**Try it**
Please determine the number of lines in the material below that contain the word "Index", and state it alone.

**Data shown**
● ● ● ● ● ● ●

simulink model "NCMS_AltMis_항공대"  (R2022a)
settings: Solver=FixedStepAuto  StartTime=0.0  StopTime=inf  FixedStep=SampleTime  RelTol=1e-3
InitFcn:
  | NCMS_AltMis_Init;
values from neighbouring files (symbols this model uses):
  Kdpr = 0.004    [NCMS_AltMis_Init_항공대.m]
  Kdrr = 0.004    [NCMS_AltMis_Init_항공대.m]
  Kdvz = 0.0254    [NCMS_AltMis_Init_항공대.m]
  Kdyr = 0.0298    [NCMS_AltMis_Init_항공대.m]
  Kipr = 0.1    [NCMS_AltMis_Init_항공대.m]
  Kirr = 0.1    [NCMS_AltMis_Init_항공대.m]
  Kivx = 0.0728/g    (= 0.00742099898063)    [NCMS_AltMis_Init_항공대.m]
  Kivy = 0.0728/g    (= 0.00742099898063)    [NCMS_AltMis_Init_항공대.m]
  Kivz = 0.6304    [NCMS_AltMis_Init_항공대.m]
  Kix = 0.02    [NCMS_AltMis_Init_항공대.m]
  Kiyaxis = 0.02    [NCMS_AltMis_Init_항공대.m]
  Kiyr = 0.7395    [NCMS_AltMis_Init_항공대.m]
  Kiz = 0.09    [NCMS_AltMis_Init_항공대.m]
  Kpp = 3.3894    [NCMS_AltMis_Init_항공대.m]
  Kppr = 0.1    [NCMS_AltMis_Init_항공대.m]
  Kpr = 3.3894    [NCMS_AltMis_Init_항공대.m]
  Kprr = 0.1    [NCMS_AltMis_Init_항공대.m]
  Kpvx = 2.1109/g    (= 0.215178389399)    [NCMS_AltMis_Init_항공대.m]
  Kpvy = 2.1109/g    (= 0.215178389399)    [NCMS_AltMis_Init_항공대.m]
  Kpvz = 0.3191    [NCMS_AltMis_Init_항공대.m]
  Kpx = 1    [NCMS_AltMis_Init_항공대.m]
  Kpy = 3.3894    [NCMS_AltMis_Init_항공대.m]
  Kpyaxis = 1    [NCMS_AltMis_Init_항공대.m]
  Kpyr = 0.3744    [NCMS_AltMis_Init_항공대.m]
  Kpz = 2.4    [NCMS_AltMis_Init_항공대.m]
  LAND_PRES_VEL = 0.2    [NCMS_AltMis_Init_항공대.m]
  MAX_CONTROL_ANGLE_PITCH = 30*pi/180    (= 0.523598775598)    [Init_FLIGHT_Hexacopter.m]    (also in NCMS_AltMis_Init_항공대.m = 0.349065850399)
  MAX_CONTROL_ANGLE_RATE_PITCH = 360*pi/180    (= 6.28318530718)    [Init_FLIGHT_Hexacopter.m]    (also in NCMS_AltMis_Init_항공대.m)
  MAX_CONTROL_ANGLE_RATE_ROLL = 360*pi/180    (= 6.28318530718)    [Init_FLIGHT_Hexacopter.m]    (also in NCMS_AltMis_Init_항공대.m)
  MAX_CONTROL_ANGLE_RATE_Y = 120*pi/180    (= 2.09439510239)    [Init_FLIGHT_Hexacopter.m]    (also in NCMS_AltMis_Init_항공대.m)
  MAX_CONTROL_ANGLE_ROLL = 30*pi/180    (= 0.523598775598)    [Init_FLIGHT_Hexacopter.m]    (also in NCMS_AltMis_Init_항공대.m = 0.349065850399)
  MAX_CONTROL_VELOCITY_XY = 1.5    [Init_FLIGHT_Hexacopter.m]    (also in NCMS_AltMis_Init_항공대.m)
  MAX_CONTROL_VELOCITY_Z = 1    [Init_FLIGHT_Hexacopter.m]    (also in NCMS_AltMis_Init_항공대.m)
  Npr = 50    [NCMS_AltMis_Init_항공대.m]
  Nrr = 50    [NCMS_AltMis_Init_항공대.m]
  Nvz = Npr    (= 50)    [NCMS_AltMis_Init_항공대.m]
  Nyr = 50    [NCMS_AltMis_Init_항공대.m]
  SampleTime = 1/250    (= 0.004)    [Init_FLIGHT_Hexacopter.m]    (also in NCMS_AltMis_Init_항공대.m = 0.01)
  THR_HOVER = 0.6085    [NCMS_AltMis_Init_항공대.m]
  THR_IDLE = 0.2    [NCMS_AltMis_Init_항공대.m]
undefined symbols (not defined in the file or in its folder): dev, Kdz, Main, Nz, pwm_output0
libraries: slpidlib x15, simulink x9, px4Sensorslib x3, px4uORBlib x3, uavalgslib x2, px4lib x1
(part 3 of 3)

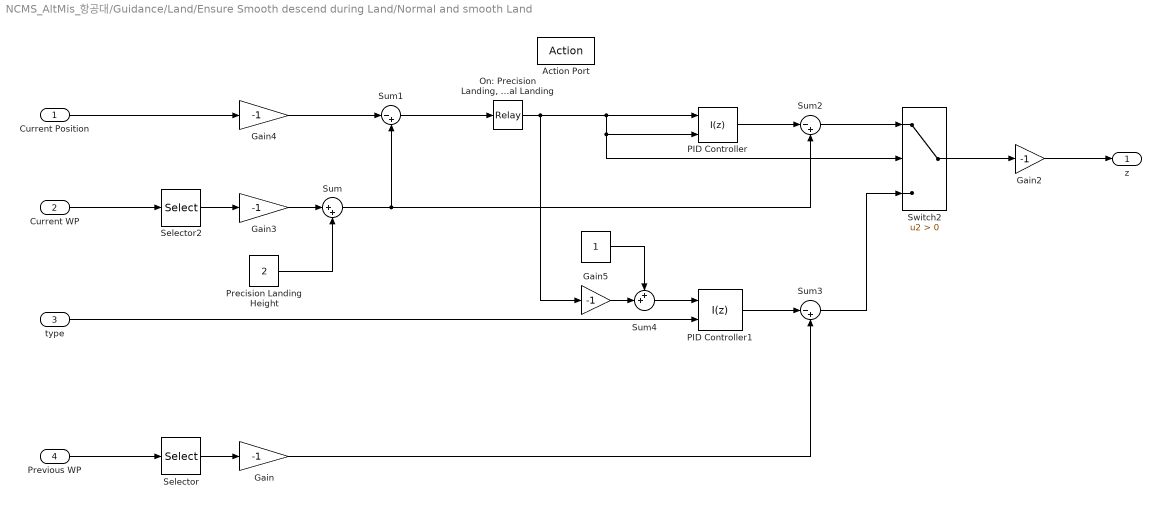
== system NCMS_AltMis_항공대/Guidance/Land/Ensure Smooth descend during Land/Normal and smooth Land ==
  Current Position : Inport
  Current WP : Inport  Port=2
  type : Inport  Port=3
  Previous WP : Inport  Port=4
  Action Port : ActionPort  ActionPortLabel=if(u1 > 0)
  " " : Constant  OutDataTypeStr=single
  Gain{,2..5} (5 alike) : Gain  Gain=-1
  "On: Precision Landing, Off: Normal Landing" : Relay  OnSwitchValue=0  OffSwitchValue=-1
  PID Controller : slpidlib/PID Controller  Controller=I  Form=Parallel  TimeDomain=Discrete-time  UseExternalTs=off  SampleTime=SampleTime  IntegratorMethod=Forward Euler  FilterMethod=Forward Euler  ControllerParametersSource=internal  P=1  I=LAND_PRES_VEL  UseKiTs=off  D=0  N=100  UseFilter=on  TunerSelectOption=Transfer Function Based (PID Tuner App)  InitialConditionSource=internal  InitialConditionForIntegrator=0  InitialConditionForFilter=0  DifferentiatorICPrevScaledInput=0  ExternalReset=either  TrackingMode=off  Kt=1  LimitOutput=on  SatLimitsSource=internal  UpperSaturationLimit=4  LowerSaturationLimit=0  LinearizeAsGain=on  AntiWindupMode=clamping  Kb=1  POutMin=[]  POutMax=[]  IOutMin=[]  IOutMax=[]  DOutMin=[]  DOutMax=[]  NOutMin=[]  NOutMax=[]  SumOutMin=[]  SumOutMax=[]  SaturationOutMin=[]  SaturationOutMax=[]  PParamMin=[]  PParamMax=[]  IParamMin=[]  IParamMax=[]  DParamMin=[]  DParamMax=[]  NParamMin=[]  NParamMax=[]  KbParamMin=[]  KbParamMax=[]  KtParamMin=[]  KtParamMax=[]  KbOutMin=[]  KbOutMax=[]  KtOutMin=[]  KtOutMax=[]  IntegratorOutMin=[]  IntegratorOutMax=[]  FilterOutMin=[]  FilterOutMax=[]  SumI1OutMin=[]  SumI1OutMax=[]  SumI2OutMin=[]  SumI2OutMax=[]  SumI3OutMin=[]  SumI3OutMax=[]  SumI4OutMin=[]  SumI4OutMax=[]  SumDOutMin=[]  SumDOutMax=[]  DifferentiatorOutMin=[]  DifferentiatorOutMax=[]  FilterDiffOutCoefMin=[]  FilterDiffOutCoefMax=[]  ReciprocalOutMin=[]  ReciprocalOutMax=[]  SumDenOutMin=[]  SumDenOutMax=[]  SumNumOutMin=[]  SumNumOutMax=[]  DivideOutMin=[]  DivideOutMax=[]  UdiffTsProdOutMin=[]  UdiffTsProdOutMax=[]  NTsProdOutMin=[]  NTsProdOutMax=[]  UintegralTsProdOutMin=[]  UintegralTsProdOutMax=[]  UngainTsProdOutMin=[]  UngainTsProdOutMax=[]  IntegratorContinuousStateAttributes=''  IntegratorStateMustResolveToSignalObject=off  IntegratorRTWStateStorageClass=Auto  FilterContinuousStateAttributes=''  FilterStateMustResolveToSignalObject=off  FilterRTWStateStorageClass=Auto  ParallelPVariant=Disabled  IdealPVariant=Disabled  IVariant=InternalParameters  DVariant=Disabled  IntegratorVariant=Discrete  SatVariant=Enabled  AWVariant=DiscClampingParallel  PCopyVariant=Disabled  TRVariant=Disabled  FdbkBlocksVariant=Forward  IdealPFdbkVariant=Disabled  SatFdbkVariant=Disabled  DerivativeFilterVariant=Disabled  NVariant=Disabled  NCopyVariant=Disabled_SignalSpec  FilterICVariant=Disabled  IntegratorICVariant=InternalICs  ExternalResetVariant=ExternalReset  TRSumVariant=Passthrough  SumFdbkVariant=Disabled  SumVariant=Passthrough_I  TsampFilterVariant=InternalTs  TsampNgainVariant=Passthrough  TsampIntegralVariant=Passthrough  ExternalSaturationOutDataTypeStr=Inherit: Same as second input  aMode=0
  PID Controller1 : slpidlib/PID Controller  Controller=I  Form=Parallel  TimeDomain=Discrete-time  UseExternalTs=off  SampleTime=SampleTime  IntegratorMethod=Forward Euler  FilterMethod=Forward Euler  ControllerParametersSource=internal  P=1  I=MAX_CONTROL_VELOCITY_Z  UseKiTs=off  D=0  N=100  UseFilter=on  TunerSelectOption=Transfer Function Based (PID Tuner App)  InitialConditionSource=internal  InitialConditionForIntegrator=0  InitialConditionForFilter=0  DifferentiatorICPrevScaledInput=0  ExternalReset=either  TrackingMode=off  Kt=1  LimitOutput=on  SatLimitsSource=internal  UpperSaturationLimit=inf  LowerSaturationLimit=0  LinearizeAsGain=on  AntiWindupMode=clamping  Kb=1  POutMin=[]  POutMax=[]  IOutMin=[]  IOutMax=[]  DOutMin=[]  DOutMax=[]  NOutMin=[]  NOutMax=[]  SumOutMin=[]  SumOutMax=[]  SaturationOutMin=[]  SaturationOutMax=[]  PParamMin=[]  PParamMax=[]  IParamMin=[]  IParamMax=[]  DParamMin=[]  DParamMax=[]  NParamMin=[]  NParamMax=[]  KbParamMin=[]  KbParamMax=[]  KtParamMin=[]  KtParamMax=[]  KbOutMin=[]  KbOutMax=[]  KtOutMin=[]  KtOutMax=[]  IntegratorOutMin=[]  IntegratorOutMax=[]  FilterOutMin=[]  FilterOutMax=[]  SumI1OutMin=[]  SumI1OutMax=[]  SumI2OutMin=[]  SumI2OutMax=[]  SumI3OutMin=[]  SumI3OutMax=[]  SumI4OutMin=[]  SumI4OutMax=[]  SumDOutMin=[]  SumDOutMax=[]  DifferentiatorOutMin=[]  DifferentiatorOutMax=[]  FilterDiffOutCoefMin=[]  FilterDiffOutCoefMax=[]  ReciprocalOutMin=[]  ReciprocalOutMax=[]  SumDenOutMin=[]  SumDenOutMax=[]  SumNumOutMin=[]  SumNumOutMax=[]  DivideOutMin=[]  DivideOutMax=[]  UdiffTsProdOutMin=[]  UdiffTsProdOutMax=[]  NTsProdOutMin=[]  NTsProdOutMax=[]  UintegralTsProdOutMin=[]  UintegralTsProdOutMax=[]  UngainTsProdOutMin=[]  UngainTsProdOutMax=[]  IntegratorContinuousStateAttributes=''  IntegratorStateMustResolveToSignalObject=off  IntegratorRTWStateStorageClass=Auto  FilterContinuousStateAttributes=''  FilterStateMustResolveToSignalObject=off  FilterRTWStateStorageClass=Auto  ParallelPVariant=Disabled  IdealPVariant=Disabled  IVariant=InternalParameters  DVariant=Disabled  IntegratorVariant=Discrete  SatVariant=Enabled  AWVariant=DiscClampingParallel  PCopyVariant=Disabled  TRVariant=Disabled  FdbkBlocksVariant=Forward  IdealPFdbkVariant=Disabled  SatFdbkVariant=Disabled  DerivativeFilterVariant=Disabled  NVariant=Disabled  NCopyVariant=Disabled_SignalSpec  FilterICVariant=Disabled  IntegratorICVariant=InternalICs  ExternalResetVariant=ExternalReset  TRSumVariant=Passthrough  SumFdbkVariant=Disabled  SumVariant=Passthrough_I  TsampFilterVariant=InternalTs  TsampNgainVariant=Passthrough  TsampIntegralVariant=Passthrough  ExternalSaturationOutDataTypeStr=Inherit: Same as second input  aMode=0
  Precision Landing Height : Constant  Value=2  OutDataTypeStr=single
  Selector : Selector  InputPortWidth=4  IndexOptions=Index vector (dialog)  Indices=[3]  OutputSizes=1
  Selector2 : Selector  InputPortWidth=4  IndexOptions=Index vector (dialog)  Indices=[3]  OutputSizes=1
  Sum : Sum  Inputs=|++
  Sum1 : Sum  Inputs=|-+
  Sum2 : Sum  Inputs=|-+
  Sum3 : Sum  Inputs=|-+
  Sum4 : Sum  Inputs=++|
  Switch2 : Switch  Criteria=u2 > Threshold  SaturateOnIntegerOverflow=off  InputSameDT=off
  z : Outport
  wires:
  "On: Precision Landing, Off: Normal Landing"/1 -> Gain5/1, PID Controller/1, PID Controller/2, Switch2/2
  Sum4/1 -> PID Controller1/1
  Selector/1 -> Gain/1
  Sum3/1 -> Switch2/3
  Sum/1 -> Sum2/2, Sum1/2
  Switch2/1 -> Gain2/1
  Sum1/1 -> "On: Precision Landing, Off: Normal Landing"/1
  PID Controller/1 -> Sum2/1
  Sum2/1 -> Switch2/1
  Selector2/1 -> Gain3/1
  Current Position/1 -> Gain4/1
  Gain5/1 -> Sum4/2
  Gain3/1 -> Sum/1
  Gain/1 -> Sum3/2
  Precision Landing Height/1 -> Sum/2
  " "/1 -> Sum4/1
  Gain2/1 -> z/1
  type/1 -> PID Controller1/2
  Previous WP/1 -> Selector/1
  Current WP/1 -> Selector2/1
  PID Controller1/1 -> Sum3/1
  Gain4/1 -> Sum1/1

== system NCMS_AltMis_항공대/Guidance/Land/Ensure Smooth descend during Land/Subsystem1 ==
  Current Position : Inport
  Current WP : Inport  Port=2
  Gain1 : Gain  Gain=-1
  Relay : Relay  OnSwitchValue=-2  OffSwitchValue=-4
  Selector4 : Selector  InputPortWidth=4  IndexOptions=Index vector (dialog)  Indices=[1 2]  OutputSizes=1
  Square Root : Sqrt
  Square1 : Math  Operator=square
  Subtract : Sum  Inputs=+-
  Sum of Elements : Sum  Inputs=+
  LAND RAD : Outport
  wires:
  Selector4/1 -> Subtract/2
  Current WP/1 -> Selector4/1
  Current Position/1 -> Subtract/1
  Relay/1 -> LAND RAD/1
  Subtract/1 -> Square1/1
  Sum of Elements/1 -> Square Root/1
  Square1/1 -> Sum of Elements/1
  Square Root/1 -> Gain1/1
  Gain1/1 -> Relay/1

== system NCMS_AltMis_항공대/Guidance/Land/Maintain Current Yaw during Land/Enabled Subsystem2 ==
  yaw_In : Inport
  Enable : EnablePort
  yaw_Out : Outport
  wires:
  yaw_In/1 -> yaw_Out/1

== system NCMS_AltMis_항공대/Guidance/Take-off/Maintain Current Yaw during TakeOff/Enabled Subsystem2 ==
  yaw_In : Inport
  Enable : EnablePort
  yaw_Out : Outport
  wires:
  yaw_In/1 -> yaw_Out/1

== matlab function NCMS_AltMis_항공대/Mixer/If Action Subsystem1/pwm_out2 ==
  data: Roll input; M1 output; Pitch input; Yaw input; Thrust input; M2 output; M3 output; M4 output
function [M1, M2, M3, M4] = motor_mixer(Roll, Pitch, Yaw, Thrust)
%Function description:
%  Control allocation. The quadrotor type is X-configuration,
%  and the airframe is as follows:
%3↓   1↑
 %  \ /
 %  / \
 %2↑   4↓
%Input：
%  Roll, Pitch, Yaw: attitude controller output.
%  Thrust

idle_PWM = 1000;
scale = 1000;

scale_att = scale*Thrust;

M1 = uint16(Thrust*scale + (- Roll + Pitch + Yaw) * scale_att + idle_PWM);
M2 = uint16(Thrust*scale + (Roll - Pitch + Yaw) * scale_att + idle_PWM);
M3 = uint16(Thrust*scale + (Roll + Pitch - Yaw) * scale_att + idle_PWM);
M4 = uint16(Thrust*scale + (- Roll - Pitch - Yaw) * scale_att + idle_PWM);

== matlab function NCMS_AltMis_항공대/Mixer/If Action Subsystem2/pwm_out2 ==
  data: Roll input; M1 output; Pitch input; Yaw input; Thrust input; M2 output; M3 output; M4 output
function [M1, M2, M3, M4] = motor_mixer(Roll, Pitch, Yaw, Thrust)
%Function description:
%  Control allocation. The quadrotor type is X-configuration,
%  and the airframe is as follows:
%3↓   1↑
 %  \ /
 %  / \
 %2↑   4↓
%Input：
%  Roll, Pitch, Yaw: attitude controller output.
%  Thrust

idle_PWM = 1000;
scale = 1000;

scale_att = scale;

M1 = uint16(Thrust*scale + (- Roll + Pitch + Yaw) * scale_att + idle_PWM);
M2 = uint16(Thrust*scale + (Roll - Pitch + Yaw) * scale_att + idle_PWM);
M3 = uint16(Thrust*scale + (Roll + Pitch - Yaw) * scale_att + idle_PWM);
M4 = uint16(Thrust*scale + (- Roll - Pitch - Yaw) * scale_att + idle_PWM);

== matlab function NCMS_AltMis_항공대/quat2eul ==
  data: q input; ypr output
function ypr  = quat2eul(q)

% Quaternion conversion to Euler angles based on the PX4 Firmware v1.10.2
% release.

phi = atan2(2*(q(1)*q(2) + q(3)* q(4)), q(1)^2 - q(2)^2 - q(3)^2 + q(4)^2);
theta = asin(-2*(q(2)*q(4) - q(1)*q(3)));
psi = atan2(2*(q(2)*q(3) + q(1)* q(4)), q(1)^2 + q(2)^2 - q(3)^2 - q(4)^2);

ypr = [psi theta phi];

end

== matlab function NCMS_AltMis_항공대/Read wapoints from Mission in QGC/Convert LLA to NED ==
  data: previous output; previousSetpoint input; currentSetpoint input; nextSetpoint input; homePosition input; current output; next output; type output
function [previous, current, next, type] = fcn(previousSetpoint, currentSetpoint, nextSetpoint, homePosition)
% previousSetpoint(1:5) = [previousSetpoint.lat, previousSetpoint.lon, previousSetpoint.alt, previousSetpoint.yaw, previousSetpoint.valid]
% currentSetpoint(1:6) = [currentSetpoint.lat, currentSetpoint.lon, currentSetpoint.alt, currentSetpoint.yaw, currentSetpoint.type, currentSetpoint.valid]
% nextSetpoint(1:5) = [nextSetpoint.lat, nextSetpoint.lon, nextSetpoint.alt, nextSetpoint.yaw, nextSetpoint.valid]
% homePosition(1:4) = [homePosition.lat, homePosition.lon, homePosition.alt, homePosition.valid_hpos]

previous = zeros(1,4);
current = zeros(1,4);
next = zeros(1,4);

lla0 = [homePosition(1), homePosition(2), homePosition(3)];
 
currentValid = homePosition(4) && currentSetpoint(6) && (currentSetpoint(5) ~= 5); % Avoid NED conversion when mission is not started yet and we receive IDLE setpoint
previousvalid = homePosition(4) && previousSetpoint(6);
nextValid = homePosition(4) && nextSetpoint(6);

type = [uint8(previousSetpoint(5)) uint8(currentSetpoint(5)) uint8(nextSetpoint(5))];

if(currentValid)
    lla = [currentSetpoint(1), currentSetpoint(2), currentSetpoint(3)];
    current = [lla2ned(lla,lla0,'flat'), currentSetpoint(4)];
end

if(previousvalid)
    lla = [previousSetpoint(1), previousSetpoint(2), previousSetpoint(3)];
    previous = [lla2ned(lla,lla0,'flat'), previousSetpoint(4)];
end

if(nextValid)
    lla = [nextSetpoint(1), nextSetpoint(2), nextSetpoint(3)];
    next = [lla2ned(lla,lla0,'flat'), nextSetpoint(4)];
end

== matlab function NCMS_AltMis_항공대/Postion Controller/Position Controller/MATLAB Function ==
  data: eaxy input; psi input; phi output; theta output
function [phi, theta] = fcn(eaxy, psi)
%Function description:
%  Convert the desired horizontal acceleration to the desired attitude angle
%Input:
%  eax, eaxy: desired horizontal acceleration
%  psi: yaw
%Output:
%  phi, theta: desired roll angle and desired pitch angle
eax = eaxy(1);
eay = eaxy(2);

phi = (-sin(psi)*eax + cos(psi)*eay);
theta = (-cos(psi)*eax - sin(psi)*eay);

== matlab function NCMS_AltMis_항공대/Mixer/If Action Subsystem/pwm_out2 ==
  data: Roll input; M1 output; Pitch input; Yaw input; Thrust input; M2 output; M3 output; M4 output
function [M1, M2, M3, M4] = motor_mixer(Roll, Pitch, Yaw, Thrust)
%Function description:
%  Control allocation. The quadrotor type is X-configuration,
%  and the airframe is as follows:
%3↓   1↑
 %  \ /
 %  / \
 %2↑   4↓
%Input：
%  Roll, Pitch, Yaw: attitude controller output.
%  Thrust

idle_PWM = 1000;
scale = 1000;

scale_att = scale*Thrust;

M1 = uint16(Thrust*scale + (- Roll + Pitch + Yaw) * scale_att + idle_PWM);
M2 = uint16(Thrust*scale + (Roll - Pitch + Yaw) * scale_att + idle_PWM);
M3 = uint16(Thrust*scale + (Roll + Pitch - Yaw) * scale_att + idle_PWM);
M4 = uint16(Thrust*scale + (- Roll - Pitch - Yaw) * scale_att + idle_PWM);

● ● ● ● ● ● ●

**Task result**
3